GLOBAL_QUEUE = Queue.new
POISON       = Object.new

threads = 10.times.map do
  Thread.new do
    loop do
      work = GLOBAL_QUEUE.pop
      break if work == POISON
      puts "Working on #{work}"
    end
  end
end

20.times do |i|
  GLOBAL_QUEUE.push(i)
end

10.times do
  GLOBAL_QUEUE.push(POISON)
end

threads.map {|t| t.join }

Here we create a unique object and assign it to a constant of POISON then when we pop an element from the queue we check to see if we have that special object and exit. If you know how many threads you have looping infinitely then you enqueue that same number of poison objects to stop all of them. Since the poison goes in the end of the queue, you can be sure that the queue is drained before the workers will shut down.

I also recommend Working with Ruby Threads if you’re new to concepts like threads, queues, and mutexes.

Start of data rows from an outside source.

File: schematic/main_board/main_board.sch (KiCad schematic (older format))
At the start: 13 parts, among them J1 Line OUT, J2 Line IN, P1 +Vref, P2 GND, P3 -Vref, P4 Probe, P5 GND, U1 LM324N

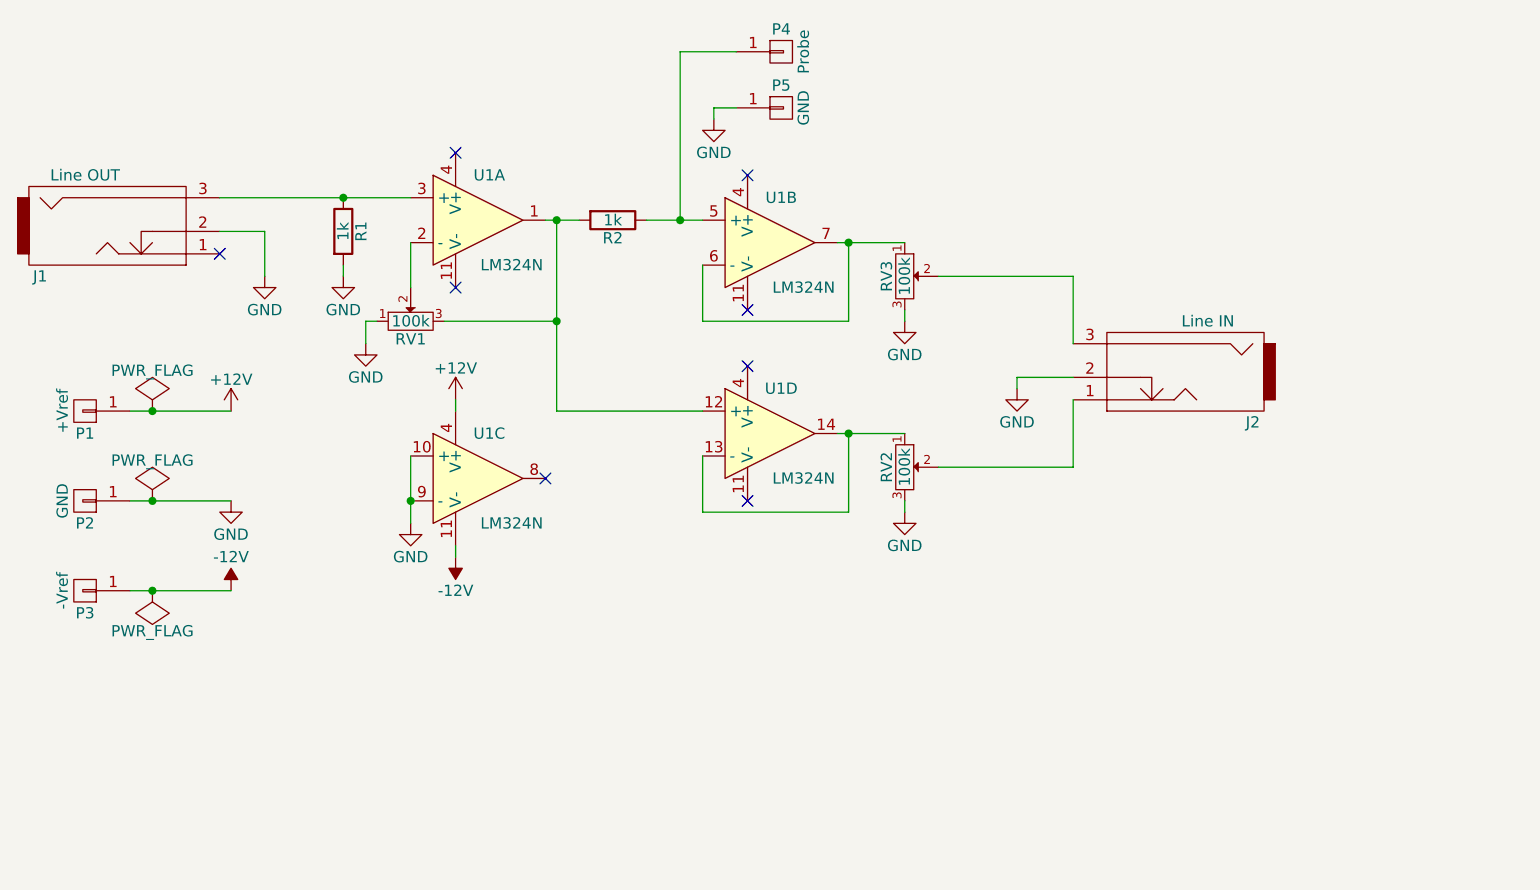
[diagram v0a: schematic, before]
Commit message: Add footprint for potentiometer.
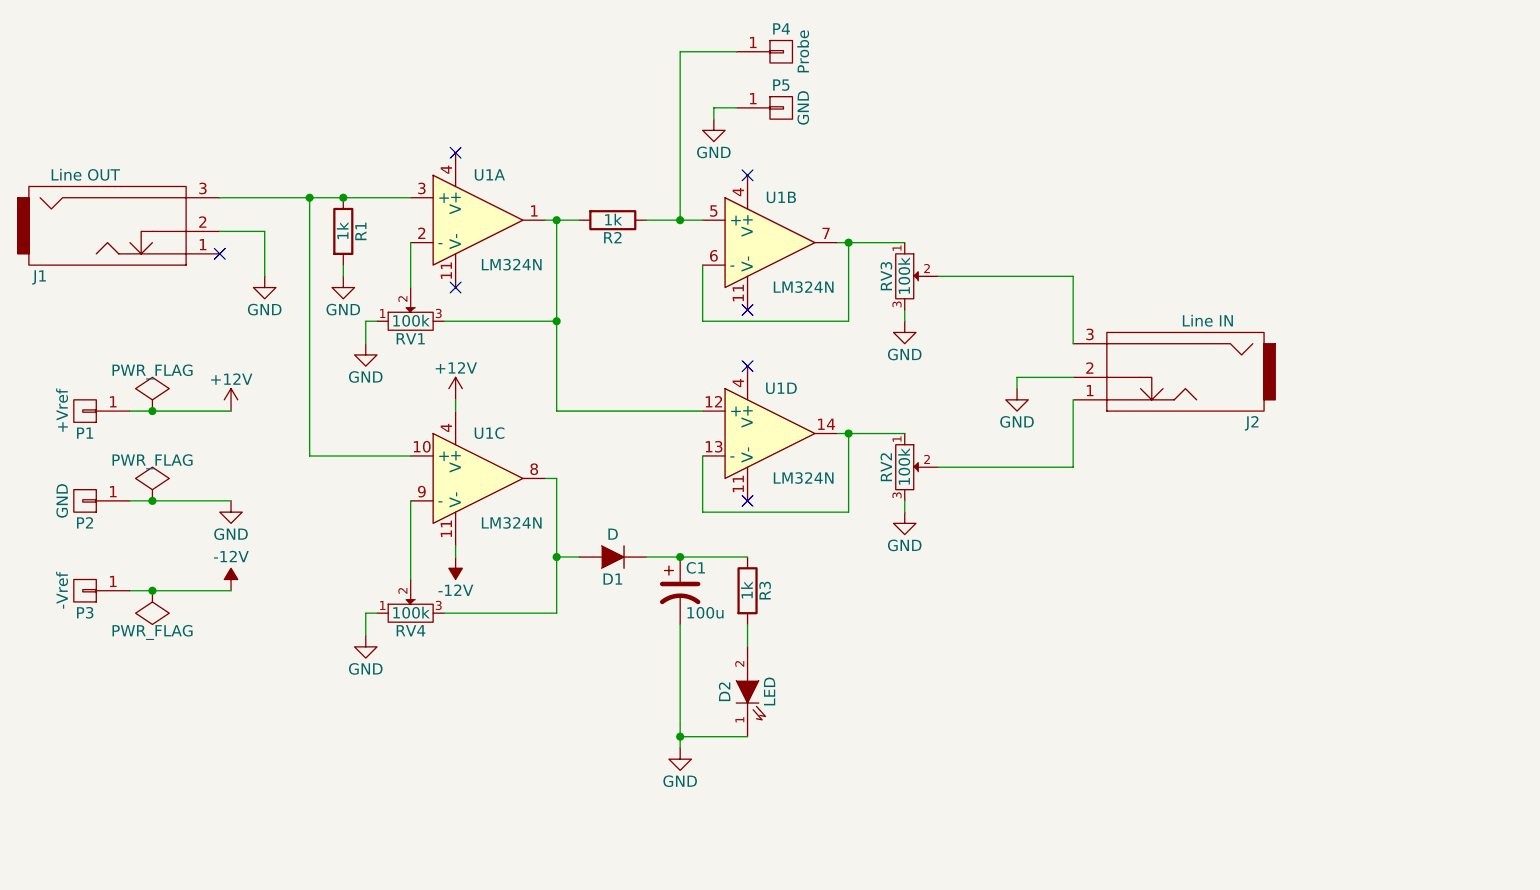
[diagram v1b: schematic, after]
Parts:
- added C1: 100u, symbol CP1
- added D1: D, symbol D
- added D2: LED, symbol LED
- added R3: 1k, footprints:Resistor_Horizontal_RM20mm_0.25W, symbol R
- added RV4: 100k, footprints:Potentiometer_CP3-36, symbol POT
- RV1, RV2, RV3: footprint Potentiometers:Potentiometer_Bourns_3005_Angular_ScrewFront -> footprints:Potentiometer_CP3-36
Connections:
- net GND: now also C1.2, D2.1 (K), RV4.1; no longer U1.10 (+), U1.9 (-)
- net at J1.3, R1.1, U1.3 (+): now also U1.10 (+)
- net at U1.8: now also D1.2 (A), RV4.3
- new net: RV4.2, U1.9 (-)
- new net: C1.1, D1.1 (K), R3.1
- new net: D2.2 (A), R3.2
- no-connect marks 8 -> 7
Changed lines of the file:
@@
 	1    0    0    -1
 $EndComp
-NoConn ~ 4000 3700
 $Comp
 L GND #PWR01
 U 1 1 57BD55DE
-P 3400 3900
-F 0 "#PWR01" H 3400 3650 50  0001 C CNN
-F 1 "GND" H 3400 3750 50  0000 C CNN
-F 2 "" H 3400 3900 50  0000 C CNN
-F 3 "" H 3400 3900 50  0000 C CNN
-	1    3400 3900
+P 3200 4400
+F 0 "#PWR01" H 3200 4150 50  0001 C CNN
+F 1 "GND" H 3200 4250 50  0000 C CNN
+F 2 "" H 3200 4400 50  0000 C CNN
+F 3 "" H 3200 4400 50  0000 C CNN
+	1    3200 4400
 	1    0    0    -1
 $EndComp
@@
 F 0 "RV1" H 3400 2920 50  0000 C CNN
 F 1 "100k" H 3400 3000 50  0000 C CNN
-F 2 "Potentiometers:Potentiometer_Bourns_3005_Angular_ScrewFront" H 3400 3000 50  0001 C CNN
+F 2 "footprints:Potentiometer_CP3-36" H 3400 3000 50  0001 C CNN
 F 3 "" H 3400 3000 50  0000 C CNN
 	1    3400 3000
@@
 F 0 "RV3" H 5600 2720 50  0000 C CNN
 F 1 "100k" H 5600 2800 50  0000 C CNN
-F 2 "Potentiometers:Potentiometer_Bourns_3005_Angular_ScrewFront" H 5600 2800 50  0001 C CNN
+F 2 "footprints:Potentiometer_CP3-36" H 5600 2800 50  0001 C CNN
 F 3 "" H 5600 2800 50  0000 C CNN
 	1    5600 2800
@@
 F 0 "RV2" H 5600 3570 50  0000 C CNN
 F 1 "100k" H 5600 3650 50  0000 C CNN
-F 2 "Potentiometers:Potentiometer_Bourns_3005_Angular_ScrewFront" H 5600 3650 50  0001 C CNN
+F 2 "footprints:Potentiometer_CP3-36" H 5600 3650 50  0001 C CNN
 F 3 "" H 5600 3650 50  0000 C CNN
 	1    5600 3650
@@
 	1    0    0    -1
 $EndComp
-Wire Wire Line
-	5300 2650 5600 2650
-Wire Wire Line
-	4700 2750 4700 3000
-Wire Wire Line
-	4700 3000 5350 3000
-Wire Wire Line
-	5350 3000 5350 2650
-Connection ~ 5350 2650
-Wire Wire Line
-	5600 3500 5300 3500
-Wire Wire Line
-	4700 3600 4700 3850
-Wire Wire Line
-	4700 3850 5350 3850
-Wire Wire Line
-	5350 3850 5350 3500
-Connection ~ 5350 3500
-Wire Wire Line
-	5600 3800 5600 3850
-Wire Wire Line
-	3400 2650 3400 2850
-Wire Wire Line
-	3550 3000 4050 3000
 $Comp
 L GND #PWR04
@@
 	1    0    0    -1
 $EndComp
-Wire Wire Line
-	3200 3100 3200 3000
-Wire Wire Line
-	3200 3000 3250 3000
 $Comp
 L GND #PWR05
@@
 	1    0    0    -1
 $EndComp
-Wire Wire Line
-	3100 2750 3100 2800
-Wire Wire Line
-	2550 2450 3400 2450
-Wire Wire Line
-	4700 2550 4450 2550
-Wire Wire Line
-	4000 2550 4150 2550
-Wire Wire Line
-	4050 2550 4050 3400
-Connection ~ 4050 2550
-Wire Wire Line
-	4050 3400 4700 3400
-Connection ~ 4050 3000
 NoConn ~ 3600 2850
 NoConn ~ 3600 2250
@@
 	-1   0    0    1
 $EndComp
-Wire Wire Line
-	5600 3000 5600 2950
-Wire Wire Line
-	3600 4000 3600 4050
-Wire Wire Line
-	3600 3400 3600 3350
-Wire Wire Line
-	3400 3600 3400 3900
-Connection ~ 3400 3800
 $Comp
 L PWR_FLAG #FLG07
@@
 	1    0    0    -1
 $EndComp
-Wire Wire Line
-	2150 3400 2600 3400
-Connection ~ 2250 3400
 $Comp
 L GND #PWR09
@@
 $EndComp
 $Comp
-L -12V #PWR4
+L -12V #PWR3
 U 1 1 57BD83A0
 P 2600 4200
-F 0 "#PWR4" H 2600 4300 50  0001 C CNN
+F 0 "#PWR3" H 2600 4300 50  0001 C CNN
 F 1 "-12V" H 2600 4350 50  0000 C CNN
 F 2 "" H 2600 4200 50  0000 C CNN
@@
 	-1   0    0    1
 $EndComp
-Wire Wire Line
-	2150 4200 2600 4200
-Connection ~ 2250 4200
-Wire Wire Line
-	2150 3800 2600 3800
-Connection ~ 2250 3800
 $Comp
 L CONN_01X01 P4
@@
 	1    0    0    -1
 $EndComp
-Wire Wire Line
-	4850 2050 4750 2050
-Wire Wire Line
-	4750 2050 4750 2100
-Wire Wire Line
-	4600 1800 4600 2550
-Connection ~ 4600 2550
-Wire Wire Line
-	4850 1800 4600 1800
 $Comp
 L JACK_2P J1
@@
 	1    0    0    -1
 $EndComp
+$Comp
+L D D1
+U 1 1 57C3D329
+P 4300 4050
+F 0 "D1" H 4300 4150 50  0000 C CNN
+F 1 "D" H 4300 3950 50  0000 C CNN
+F 2 "" H 4300 4050 50  0001 C CNN
+F 3 "" H 4300 4050 50  0000 C CNN
+	1    4300 4050
+	-1   0    0    1
+$EndComp
+$Comp
+L R R3
+U 1 1 57C3D3FD
+P 4900 4200
+F 0 "R3" V 4980 4200 50  0000 C CNN
+F 1 "1k" V 4900 4200 50  0000 C CNN
+F 2 "footprints:Resistor_Horizontal_RM20mm_0.25W" V 4830 4200 50  0001 C CNN
+F 3 "" H 4900 4200 50  0000 C CNN
+	1    4900 4200
+	1    0    0    -1
+$EndComp
+$Comp
+L CP1 C1
+U 1 1 57C3D44E
+P 4600 4200
+F 0 "C1" H 4625 4300 50  0000 L CNN
+F 1 "100u" H 4625 4100 50  0000 L CNN
+F 2 "" H 4600 4200 50  0001 C CNN
+F 3 "" H 4600 4200 50  0000 C CNN
+	1    4600 4200
+	1    0    0    -1
+$EndComp
+$Comp
+L LED D2
+U 1 1 57C3D493
+P 4900 4650
+F 0 "D2" H 4900 4750 50  0000 C CNN
+F 1 "LED" H 4900 4550 50  0000 C CNN
+F 2 "" H 4900 4650 50  0001 C CNN
+F 3 "" H 4900 4650 50  0000 C CNN
+	1    4900 4650
+	0    -1   -1   0
+$EndComp
+$Comp
+L POT RV4
+U 1 1 57C3E022
+P 3400 4300
+F 0 "RV4" H 3400 4220 50  0000 C CNN
+F 1 "100k" H 3400 4300 50  0000 C CNN
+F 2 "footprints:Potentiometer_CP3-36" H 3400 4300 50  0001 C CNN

I’m having a blast writing C code. While it does take me 20 hours to do something that would take 20 minutes in Ruby, it’s a huge accomplishment when I get something to work. It’s also neat not having the crutch of a huge standard library with pre-made data structures for me. The real pay-off though is that the more I learn about C, the less foreign and unapproachable the source code behind Ruby becomes. I’m not saying that everyone should learn C, but if you’re looking for a challenge in a language that’s extremely fast and used all over the world, it’s not a bad language to be familiar with.